- _DATASET ENTRIES_:
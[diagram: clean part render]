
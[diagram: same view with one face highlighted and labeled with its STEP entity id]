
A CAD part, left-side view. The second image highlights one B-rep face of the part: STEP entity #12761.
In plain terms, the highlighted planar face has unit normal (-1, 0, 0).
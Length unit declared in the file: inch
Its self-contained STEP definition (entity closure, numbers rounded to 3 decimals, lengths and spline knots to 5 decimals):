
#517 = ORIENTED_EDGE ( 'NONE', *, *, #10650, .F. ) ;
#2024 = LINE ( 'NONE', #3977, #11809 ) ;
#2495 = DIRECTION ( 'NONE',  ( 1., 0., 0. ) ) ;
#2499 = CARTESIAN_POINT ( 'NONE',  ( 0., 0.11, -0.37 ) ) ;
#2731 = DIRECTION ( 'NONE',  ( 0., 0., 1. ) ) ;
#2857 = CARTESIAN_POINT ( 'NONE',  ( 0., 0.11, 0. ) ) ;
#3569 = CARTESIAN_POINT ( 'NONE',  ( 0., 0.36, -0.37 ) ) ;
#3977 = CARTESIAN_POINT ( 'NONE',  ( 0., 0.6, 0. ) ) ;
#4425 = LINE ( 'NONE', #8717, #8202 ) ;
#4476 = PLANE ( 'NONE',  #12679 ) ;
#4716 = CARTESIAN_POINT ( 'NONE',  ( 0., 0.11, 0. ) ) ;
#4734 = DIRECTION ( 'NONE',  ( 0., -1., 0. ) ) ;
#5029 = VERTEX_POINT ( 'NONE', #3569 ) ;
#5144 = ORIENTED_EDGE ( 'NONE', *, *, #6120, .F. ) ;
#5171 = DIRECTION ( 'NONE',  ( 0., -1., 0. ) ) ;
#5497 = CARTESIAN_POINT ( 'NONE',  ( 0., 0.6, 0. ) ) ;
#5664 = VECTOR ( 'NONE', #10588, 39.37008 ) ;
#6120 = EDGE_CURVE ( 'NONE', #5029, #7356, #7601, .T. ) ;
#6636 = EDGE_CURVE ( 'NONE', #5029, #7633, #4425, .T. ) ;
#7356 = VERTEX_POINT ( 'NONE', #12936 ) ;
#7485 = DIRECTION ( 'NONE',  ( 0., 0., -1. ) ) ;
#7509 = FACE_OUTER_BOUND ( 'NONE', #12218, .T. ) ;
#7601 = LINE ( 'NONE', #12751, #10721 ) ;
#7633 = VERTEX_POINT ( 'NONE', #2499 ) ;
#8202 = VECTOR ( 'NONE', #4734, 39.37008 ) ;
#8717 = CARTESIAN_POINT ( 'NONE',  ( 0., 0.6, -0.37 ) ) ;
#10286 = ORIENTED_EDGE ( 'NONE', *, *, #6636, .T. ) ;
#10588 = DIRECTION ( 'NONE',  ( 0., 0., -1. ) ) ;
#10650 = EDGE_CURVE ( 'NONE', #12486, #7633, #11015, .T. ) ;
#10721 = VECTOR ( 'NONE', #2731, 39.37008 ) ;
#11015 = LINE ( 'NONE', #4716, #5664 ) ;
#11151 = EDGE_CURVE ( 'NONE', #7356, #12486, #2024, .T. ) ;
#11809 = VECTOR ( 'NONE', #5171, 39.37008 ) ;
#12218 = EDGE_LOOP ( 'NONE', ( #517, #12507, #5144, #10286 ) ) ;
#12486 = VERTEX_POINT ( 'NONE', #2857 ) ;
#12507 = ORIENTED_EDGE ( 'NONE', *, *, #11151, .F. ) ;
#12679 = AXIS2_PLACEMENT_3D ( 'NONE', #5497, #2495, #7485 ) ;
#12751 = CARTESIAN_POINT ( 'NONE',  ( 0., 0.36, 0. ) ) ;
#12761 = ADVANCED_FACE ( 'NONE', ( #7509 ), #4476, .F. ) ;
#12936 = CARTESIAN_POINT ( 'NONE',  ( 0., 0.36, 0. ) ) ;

- _WORK TASK_: The word "part" appears in some lines above. Return every one of those lines.

- _REPLY_:
[diagram: clean part render]
A CAD part, left-side view. The second image highlights one B-rep face of the part: STEP entity #12761.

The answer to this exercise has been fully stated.